- About this task:
Omit every picture, and retype the lines that run from the beginning of the data below through the line containing "for name, pattern", inclusive.

■ ■ ■ ■

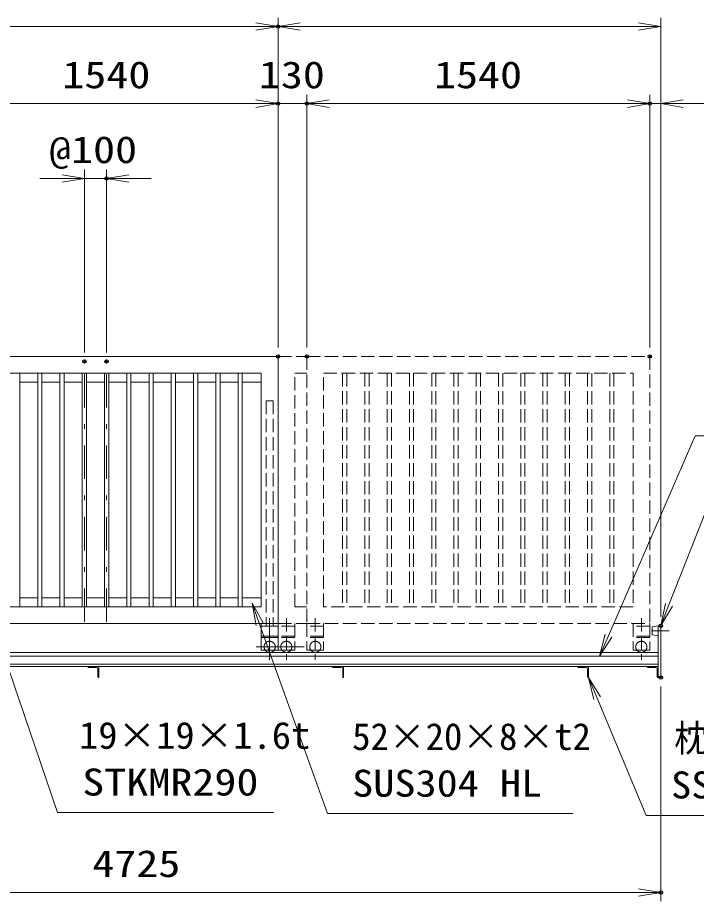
# Model space of a CAD drawing. Units: millimetres at full size. Extents: x -11880 to 11880, y -8400 to 8400.
# Drawn here: x 430 to 3479, y 944 to 4915 of the extents above; entities that cross this region are included whole.
import ezdxf
from ezdxf.enums import TextEntityAlignment as Align

# ---------------------------------------------------------------- set-up
doc = ezdxf.new("R2010")
doc.units = ezdxf.units.MM
doc.header["$LTSCALE"] = 30
doc.header["$PDMODE"] = 32
doc.header["$PDSIZE"] = 15
for name, pattern in [('USER1', [10.7, 5, -2.5, 0.7, -2.5]), ('USER2', [80, 60, -20]), ('USER3', [2.7, 2, -0.7]), ('USER5', [160, 100, -20, 20, -20]), ('USER6', [200, 100, -20, 20, -20, 20, -20]), ('USER7', [10.4, 5, -2, 0.2, -1, 0.2, -2])]:
    doc.linetypes.add(name, pattern=pattern)
for name, color, linetype, lineweight in [('0-2_外形線', 7, 'Continuous', 18), ('0-3_寸法線', 3, 'Continuous', 18), ('0-4_0', 7, 'Continuous', 18), ('0-8_軸線', 6, 'USER1', 18), ('0-A_01', 4, 'Continuous', 18), ('0-B_隠れ線', 4, 'USER3', 18)]:
    doc.layers.add(name, color=color, linetype=linetype, lineweight=lineweight)
doc.layers.add('0-5_DEFPOINTS', color=7, linetype='Continuous')
doc.styles.add('ＭＳ ゴシック', font='')
doc.styles.get('ＭＳ ゴシック').set_extended_font_data('MS Gothic')

# ---------------------------------------------------------------- blocks, each defined once
blk = doc.blocks.new('_OPEN')
at = {"layer": '0-4_0'}
blk.add_line((0, 0), (-30, 0), dxfattribs=at)
blk.add_lwpolyline([(-30, 5), (0, 0), (-30, -5)], dxfattribs=at)
blk = doc.blocks.new('S18')
at = {"layer": '0-3_寸法線'}
for points in [[(7006802.4, -25706758.5), (6984878.4, -25706758.5), (6973212.6, -25733700.7), (6972020.6, -25736453.7)], [(6972753.8, -25733502.1), (6972020.6, -25736453.7), (6973671.4, -25733899.4)]]:
    blk.add_lwpolyline(points, dxfattribs=at)
at = {"layer": '0-3_寸法線', "color": 254, "style": 'ＭＳ ゴシック', "width": 0.9}
blk.add_text('9kgレ－ル', height=3637, dxfattribs=at).set_placement((6988226.4, -25704307.9), align=Align.BOTTOM_LEFT)
blk = doc.blocks.new('S19')
at = {"layer": '0-3_寸法線'}
for points in [[(7027442.7, -25757912.6), (6978302.7, -25757912.6), (6971677.3, -25742109.8), (6970517.3, -25739343.1)], [(6972138.4, -25741916.4), (6970517.3, -25739343.1), (6971216.2, -25742303.1)]]:
    blk.add_lwpolyline(points, dxfattribs=at)
at = {"layer": '0-3_寸法線', "color": 254, "style": 'ＭＳ ゴシック'}
for s, width, p in [('枕木 ＠1100', 0.9, (6982082.7, -25750422.1)), ('SS400 L-50×50×t4', 1.1, (6981650.7, -25756722.1))]:
    blk.add_text(s, height=3637, dxfattribs=dict(at, width=width)).set_placement(p, align=Align.BOTTOM_LEFT)
blk = doc.blocks.new('S20')
at = {"layer": '0-3_寸法線'}
for points in [[(7018193.6, -25715777.6), (6986794.4, -25715777.6), (6981367.4, -25729547.1), (6980267.3, -25732338.1)], [(6980902.2, -25729363.7), (6980267.3, -25732338.1), (6981832.6, -25729730.4)]]:
    blk.add_lwpolyline(points, dxfattribs=at)
at = {"layer": '0-3_寸法線', "color": 254, "style": 'ＭＳ ゴシック', "width": 0.75}
blk.add_text('引込時ストッパ－', height=3637, dxfattribs=at).set_placement((6990372.8, -25714587), align=Align.BOTTOM_LEFT)
blk = doc.blocks.new('S22')
at = {"layer": '0-3_寸法線'}
for points in [[(6928114.7, -25757524.7), (6898933.1, -25757524.7), (6888547.1, -25727132.9), (6887577, -25724294.1)], [(6889020.2, -25726971.2), (6887577, -25724294.1), (6888074, -25727294.6)]]:
    blk.add_lwpolyline(points, dxfattribs=at)
at = {"layer": '0-3_寸法線', "color": 254, "style": 'ＭＳ ゴシック'}
for s, width, p in [('19×19×1.6t', 1.05, (6901849.1, -25750034.1)), ('STKMR290', 1.2, (6902281.1, -25756334.1))]:
    blk.add_text(s, height=3637, dxfattribs=dict(at, width=width)).set_placement(p, align=Align.BOTTOM_LEFT)
blk = doc.blocks.new('S23')
at = {"layer": '0-3_寸法線'}
for points in [[(6968416.4, -25757683), (6935318, -25757683), (6926187, -25732126.7), (6925177.6, -25729301.6)], [(6926657.9, -25731958.4), (6925177.6, -25729301.6), (6925716.2, -25732294.9)]]:
    blk.add_lwpolyline(points, dxfattribs=at)
at = {"layer": '0-3_寸法線', "color": 254, "style": 'ＭＳ ゴシック'}
blk.add_text('52×20×8×t2', height=3637, dxfattribs=at).set_placement((6938666, -25750192.5), align=Align.BOTTOM_LEFT)
at = {"layer": '0-3_寸法線', "color": 254, "style": 'ＭＳ ゴシック', "width": 1.15}
blk.add_text('SUS304 HL', height=3637, dxfattribs=at).set_placement((6938666, -25756492.5), align=Align.BOTTOM_LEFT)

msp = doc.modelspace()

# ---------------------------------------------------------------- linework, layer by layer
at = {"layer": '0-2_外形線'}
for p, q in [((59.17, 3392.71), (1599.17, 3392.71)), ((1599.17, 3392.71), (1599.17, 2192.71)), ((438.67, 2267.71), (438.67, 3317.71)), ((519.67, 2267.71), (519.67, 3317.71)), ((538.67, 2267.71), (538.67, 3317.71)), ((619.67, 2267.71), (619.67, 3317.71)), ((638.67, 2267.71), (638.67, 3317.71)), ((719.67, 2267.71), (719.67, 3317.71)), ((738.67, 2267.71), (738.67, 3317.71)), ((819.67, 2267.71), (819.67, 3317.71)), ((838.67, 2267.71), (838.67, 3317.71)), ((919.67, 2267.71), (919.67, 3317.71)), ((938.67, 2267.71), (938.67, 3317.71)), ((1019.67, 2267.71), (1019.67, 3317.71)), ((1038.67, 2267.71), (1038.67, 3317.71)), ((1119.67, 2267.71), (1119.67, 3317.71)), ((1138.67, 2267.71), (1138.67, 3317.71)), ((1219.67, 2267.71), (1219.67, 3317.71)), ((1238.67, 2267.71), (1238.67, 3317.71)), ((1319.67, 2267.71), (1319.67, 3317.71)), ((1338.67, 2267.71), (1338.67, 3317.71)), ((1419.67, 2267.71), (1419.67, 3317.71)), ((1438.67, 2267.71), (1438.67, 3317.71)), ((519.67, 3277.71), (438.67, 3277.71)), ((619.67, 3277.71), (538.67, 3277.71)), ((719.67, 3277.71), (638.67, 3277.71)), ((819.67, 3277.71), (738.67, 3277.71)), ((919.67, 3277.71), (838.67, 3277.71)), ((1019.67, 3277.71), (938.67, 3277.71)), ((1119.67, 3277.71), (1038.67, 3277.71)), ((1219.67, 3277.71), (1138.67, 3277.71)), ((1319.67, 3277.71), (1238.67, 3277.71)), ((1419.67, 3277.71), (1338.67, 3277.71)), ((1438.67, 3277.71), (1524.17, 3277.71)), ((438.67, 2307.71), (519.67, 2307.71)), ((538.67, 2307.71), (619.67, 2307.71)), ((638.67, 2307.71), (719.67, 2307.71)), ((738.67, 2307.71), (819.67, 2307.71)), ((838.67, 2307.71), (919.67, 2307.71)), ((938.67, 2307.71), (1019.67, 2307.71)), ((1038.67, 2307.71), (1119.67, 2307.71)), ((1138.67, 2307.71), (1219.67, 2307.71)), ((1238.67, 2307.71), (1319.67, 2307.71)), ((1338.67, 2307.71), (1419.67, 2307.71)), ((1438.67, 2307.71), (1524.17, 2307.71)), ((134.17, 2192.71), (1599.17, 2192.71)), ((3307.17, 1949.21), (3307.17, 2182.71)), ((3307.17, 2182.71), (3319.17, 2182.71)), ((3319.17, 1949.21), (3319.17, 2182.71)), ((-1525.83, 2062.71), (3307.17, 2062.71)), ((-1405.83, 2045.21), (3307.17, 2045.21)), ((-1525.83, 1999.21), (3307.17, 1999.21)), ((-1405.83, 2009.51), (3307.17, 2009.51)), ((747.17, 1995.21), (783.67, 1995.21)), ((790.17, 1988.71), (790.17, 1952.21)), ((1847.17, 1995.21), (1883.67, 1995.21)), ((1890.17, 1988.71), (1890.17, 1952.21)), ((2947.17, 1995.21), (2983.67, 1995.21)), ((2990.17, 1988.71), (2990.17, 1952.21)), ((3260.17, 1995.21), (3296.67, 1995.21)), ((3303.17, 1988.71), (3303.17, 1952.21)), ((3307.17, 1949.21), (3319.17, 1949.21))]:
    msp.add_line(p, q, dxfattribs=at)
msp.add_lwpolyline([(1524.17, 2267.71), (134.17, 2267.71), (134.17, 3317.71), (1524.17, 3317.71)], close=True, dxfattribs=at)
for points in [[(3307.17, 2182.21), (3280.17, 2177.21), (3280.17, 2142.21), (3307.17, 2137.21)], [(794.17, 1999.21), (744.17, 1999.21), (744.17, 1998.21)], [(793.17, 1949.21), (794.17, 1949.21), (794.17, 1999.21)], [(1894.17, 1999.21), (1844.17, 1999.21), (1844.17, 1998.21)], [(1893.17, 1949.21), (1894.17, 1949.21), (1894.17, 1999.21)], [(2994.17, 1999.21), (2944.17, 1999.21), (2944.17, 1998.21)], [(2993.17, 1949.21), (2994.17, 1949.21), (2994.17, 1999.21)], [(3307.17, 1999.21), (3257.17, 1999.21), (3257.17, 1998.21)], [(3306.17, 1949.21), (3307.17, 1949.21), (3307.17, 1999.21)]]:
    msp.add_lwpolyline(points, dxfattribs=at)
for centre, radius, start, end in [((747.17, 1998.21), 3, 180, 270), ((783.67, 1988.71), 6.5, 0, 90), ((1847.17, 1998.21), 3, 180, 270), ((1883.67, 1988.71), 6.5, 0, 90), ((2947.17, 1998.21), 3, 180, 270), ((2983.67, 1988.71), 6.5, 0, 90), ((3260.17, 1998.21), 3, 180, 270), ((3296.67, 1988.71), 6.5, 0, 90), ((793.17, 1952.21), 3, 180, 270), ((1893.17, 1952.21), 3, 180, 270), ((2993.17, 1952.21), 3, 180, 270), ((3306.17, 1952.21), 3, 180, 270)]:
    msp.add_arc(centre, radius, start, end, dxfattribs=at)
at = {"layer": '0-3_寸法線'}
for p, q in [((1599.17, 3432.71), (1599.17, 4915.33)), ((1599.17, 3432.71), (1599.17, 4915.33)), ((3319.17, 2222.71), (3319.17, 4915.33)), ((1599.17, 4875.33), (-1405.83, 4875.33)), ((3319.17, 4875.33), (1599.17, 4875.33)), ((1599.17, 3432.71), (1599.17, 4569.03)), ((1599.17, 3432.71), (1599.17, 4569.03)), ((1729.17, 3432.71), (1729.17, 4569.03)), ((1729.17, 3432.71), (1729.17, 4569.03)), ((3269.17, 3432.71), (3269.17, 4569.03)), ((3269.17, 3432.71), (3269.17, 4569.03)), ((3319.17, 2222.71), (3319.17, 4569.03)), ((1599.17, 4529.03), (59.17, 4529.03)), ((1499.17, 4529.03), (1399.17, 4529.03)), ((1729.17, 4529.03), (1599.17, 4529.03)), ((3269.17, 4529.03), (1729.17, 4529.03)), ((1829.17, 4529.03), (1929.17, 4529.03)), ((3169.17, 4529.03), (3069.17, 4529.03)), ((3319.17, 4529.03), (3269.17, 4529.03)), ((3419.17, 4529.03), (3519.17, 4529.03)), ((729.17, 3410.21), (729.17, 4232.71)), ((829.17, 3410.21), (829.17, 4232.71)), ((629.17, 4192.71), (529.17, 4192.71)), ((729.17, 4192.71), (829.17, 4192.71)), ((929.17, 4192.71), (1029.17, 4192.71)), ((3319.17, 1909.21), (3319.17, 943.87)), ((-1405.83, 983.87), (3319.17, 983.87))]:
    msp.add_line(p, q, dxfattribs=at)
at = {"layer": '0-5_DEFPOINTS'}
for p in [(1599.17, 4875.33), (1599.17, 4529.03), (1729.17, 4529.03), (3269.17, 4529.03), (829.17, 4192.71), (729.17, 3370.21), (829.17, 3370.21), (1599.17, 3392.71), (1729.17, 3392.71), (3269.17, 3392.71), (3319.17, 2182.71), (3319.17, 1949.21), (3319.17, 983.87)]:
    msp.add_point(p, dxfattribs=at)
at = {"layer": '0-8_軸線'}
for p, q in [((729.17, 2200.21), (729.17, 3385.21)), ((829.17, 2200.21), (829.17, 3385.21)), ((3276.73, 2159.71), (3357.17, 2159.71))]:
    msp.add_line(p, q, dxfattribs=at)
at = {"layer": '0-A_01', "color": 7}
for p, q in [((1524.17, 2192.71), (1524.17, 2072.71)), ((1599.17, 2180.71), (1524.17, 2180.71)), ((1599.17, 2135.71), (1524.17, 2135.71))]:
    msp.add_line(p, q, dxfattribs=at)
at = {"layer": '0-A_01', "linetype": 'USER5'}
for p, q in [((1561.67, 2217.03), (1561.67, 2029.91)), ((1626.77, 2087.71), (1501.44, 2087.71)), ((1716.77, 2087.71), (1576.44, 2087.71))]:
    msp.add_line(p, q, dxfattribs=at)
at = {"layer": '0-A_01', "linetype": 'USER2'}
msp.add_line((1599.17, 2129.71), (1524.17, 2129.71), dxfattribs=at)
at = {"layer": '0-A_01', "linetype": 'USER6'}
for p, q in [((1674.17, 2072.71), (1599.17, 2072.71)), ((1804.17, 2072.71), (1729.17, 2072.71)), ((3269.17, 2072.71), (3194.17, 2072.71))]:
    msp.add_line(p, q, dxfattribs=at)
at = {"layer": '0-A_01', "color": 7}
msp.add_lwpolyline([(1599.17, 2192.71), (1599.17, 2072.71), (1524.17, 2072.71)], dxfattribs=at)
at = {"layer": '0-A_01', "linetype": 'USER2'}
msp.add_arc((1561.67, 2087.71), 25, 323.1301, 216.8699, dxfattribs=at)
at = {"layer": '0-A_01', "color": 7}
msp.add_arc((1561.67, 2087.71), 25, 216.8699, 323.1301, dxfattribs=at)
at = {"layer": '0-A_01', "linetype": 'USER6'}
for centre in [(1636.67, 2087.71), (1766.67, 2087.71), (3231.67, 2087.71)]:
    msp.add_arc(centre, 25, 216.8699, 323.1301, dxfattribs=at)
at = {"layer": '0-B_隠れ線'}
for p, q in [((1599.17, 3392.71), (1729.17, 3392.71)), ((1729.17, 3392.71), (3269.17, 3392.71)), ((1729.17, 3392.71), (1729.17, 2192.71)), ((3269.17, 3392.71), (3269.17, 2192.71)), ((1889.67, 3317.71), (1889.67, 2267.71)), ((1908.67, 3317.71), (1908.67, 2267.71)), ((1989.67, 3317.71), (1989.67, 2267.71)), ((2008.67, 3317.71), (2008.67, 2267.71)), ((2089.67, 3317.71), (2089.67, 2267.71)), ((2108.67, 3317.71), (2108.67, 2267.71)), ((2189.67, 3317.71), (2189.67, 2267.71)), ((2208.67, 3317.71), (2208.67, 2267.71)), ((2289.67, 3317.71), (2289.67, 2267.71)), ((2308.67, 3317.71), (2308.67, 2267.71)), ((2389.67, 3317.71), (2389.67, 2267.71)), ((2408.67, 3317.71), (2408.67, 2267.71)), ((2489.67, 3317.71), (2489.67, 2267.71)), ((2508.67, 3317.71), (2508.67, 2267.71)), ((2589.67, 3317.71), (2589.67, 2267.71)), ((2608.67, 3317.71), (2608.67, 2267.71)), ((2689.67, 3317.71), (2689.67, 2267.71)), ((2708.67, 3317.71), (2708.67, 2267.71)), ((2789.67, 3317.71), (2789.67, 2267.71)), ((2808.67, 3317.71), (2808.67, 2267.71)), ((2889.67, 3317.71), (2889.67, 2267.71)), ((2908.67, 3317.71), (2908.67, 2267.71)), ((2989.67, 3317.71), (2989.67, 2267.71)), ((3008.67, 3317.71), (3008.67, 2267.71)), ((3089.67, 3317.71), (3089.67, 2267.71)), ((3108.67, 3317.71), (3108.67, 2267.71)), ((1577.67, 3192.71), (1577.67, 2180.71)), ((1599.17, 2192.71), (1729.17, 2192.71)), ((1636.67, 2217.03), (1636.67, 2029.91)), ((1674.17, 2192.71), (1674.17, 2072.71)), ((1729.17, 2192.71), (3269.17, 2192.71)), ((1729.17, 2192.71), (1729.17, 2072.71)), ((1766.67, 2217.03), (1766.67, 2029.91)), ((1804.17, 2192.71), (1804.17, 2072.71)), ((3194.17, 2192.71), (3194.17, 2072.71)), ((3231.67, 2217.03), (3231.67, 2029.91)), ((3269.17, 2192.71), (3269.17, 2072.71)), ((1674.17, 2180.71), (1599.17, 2180.71)), ((1804.17, 2180.71), (1729.17, 2180.71)), ((3269.17, 2180.71), (3194.17, 2180.71)), ((1674.17, 2135.71), (1599.17, 2135.71)), ((1674.17, 2129.71), (1599.17, 2129.71)), ((1804.17, 2135.71), (1729.17, 2135.71)), ((1804.17, 2129.71), (1729.17, 2129.71)), ((3269.17, 2135.71), (3194.17, 2135.71)), ((3269.17, 2129.71), (3194.17, 2129.71))]:
    msp.add_line(p, q, dxfattribs=at)
for points in [[(1729.17, 2267.71), (1674.17, 2267.71), (1674.17, 3317.71), (1729.17, 3317.71)], [(1577.67, 3192.71), (1545.67, 3192.71), (1545.67, 2180.71)]]:
    msp.add_lwpolyline(points, dxfattribs=at)
msp.add_lwpolyline([(3194.17, 2267.71), (1804.17, 2267.71), (1804.17, 3317.71), (3194.17, 3317.71)], close=True, dxfattribs=at)
at = {"layer": '0-B_隠れ線', "linetype": 'USER7'}
for centre in [(1636.67, 2087.71), (1766.67, 2087.71), (3231.67, 2087.71)]:
    msp.add_arc(centre, 25, 323.1301, 216.8699, dxfattribs=at)

# ---------------------------------------------------------------- block references
at = {"layer": '0-3_寸法線'}
for name, p, xscale, yscale in [('_OPEN', (1599.17, 4875.33), 3.333333, 3.333333), ('_OPEN', (3319.17, 4875.33), 3.333333, 3.333333), ('_OPEN', (1599.17, 4529.03), 3.333333, 3.333333), ('_OPEN', (1599.17, 4529.03), 3.333333, 3.333333), ('_OPEN', (3269.17, 4529.03), 3.333333, 3.333333), ('_OPEN', (3269.17, 4529.03), 3.333333, 3.333333), ('_OPEN', (729.17, 4192.71), 3.333333, 3.333333), ('S18', (-229356.41, 859927.31), 0.03333333, 0.03333333), ('S20', (-229356.41, 859927.31), 0.03333333, 0.03333333), ('S22', (-229356.41, 859927.31), 0.03333333, 0.03333333), ('S23', (-229356.41, 859927.31), 0.03333333, 0.03333333), ('S19', (-229356.41, 859927.31), 0.03333333, 0.03333333), ('_OPEN', (3319.17, 983.87), 3.333333, 3.333333)]:
    msp.add_blockref(name, p, dxfattribs=dict(at, xscale=xscale, yscale=yscale))
at = {"layer": '0-3_寸法線', "xscale": 3.333333, "yscale": 3.333333, "rotation": 180}
for p in [(1599.17, 4875.33), (1729.17, 4529.03), (1729.17, 4529.03), (3319.17, 4529.03), (829.17, 4192.71)]:
    msp.add_blockref('_OPEN', p, dxfattribs=at)

# ---------------------------------------------------------------- texts
at = {"layer": '0-3_寸法線', "color": 254, "style": 'ＭＳ ゴシック', "width": 1.2}
for s, p in [('1540', (629.97, 4561.72)), ('130', (1512.97, 4561.72)), ('1540', (2299.97, 4561.72)), ('@100', (570.37, 4225.39)), ('4725', (764.67, 1016.55))]:
    msp.add_text(s, height=121.2, dxfattribs=at).set_placement(p, align=Align.BOTTOM_LEFT)

doc.saveas('drawing.dxf')

■ ■ ■ ■

- Solution to this problem:
# Model space of a CAD drawing. Units: millimetres at full size. Extents: x -11880 to 11880, y -8400 to 8400.
# Drawn here: x 430 to 3479, y 944 to 4915 of the extents above; entities that cross this region are included whole.
import ezdxf
from ezdxf.enums import TextEntityAlignment as Align

# ---------------------------------------------------------------- set-up
doc = ezdxf.new("R2010")
doc.units = ezdxf.units.MM
doc.header["$LTSCALE"] = 30
doc.header["$PDMODE"] = 32
doc.header["$PDSIZE"] = 15
for name, pattern in [('USER1', [10.7, 5, -2.5, 0.7, -2.5]), ('USER2', [80, 60, -20]), ('USER3', [2.7, 2, -0.7]), ('USER5', [160, 100, -20, 20, -20]), ('USER6', [200, 100, -20, 20, -20, 20, -20]), ('USER7', [10.4, 5, -2, 0.2, -1, 0.2, -2])]:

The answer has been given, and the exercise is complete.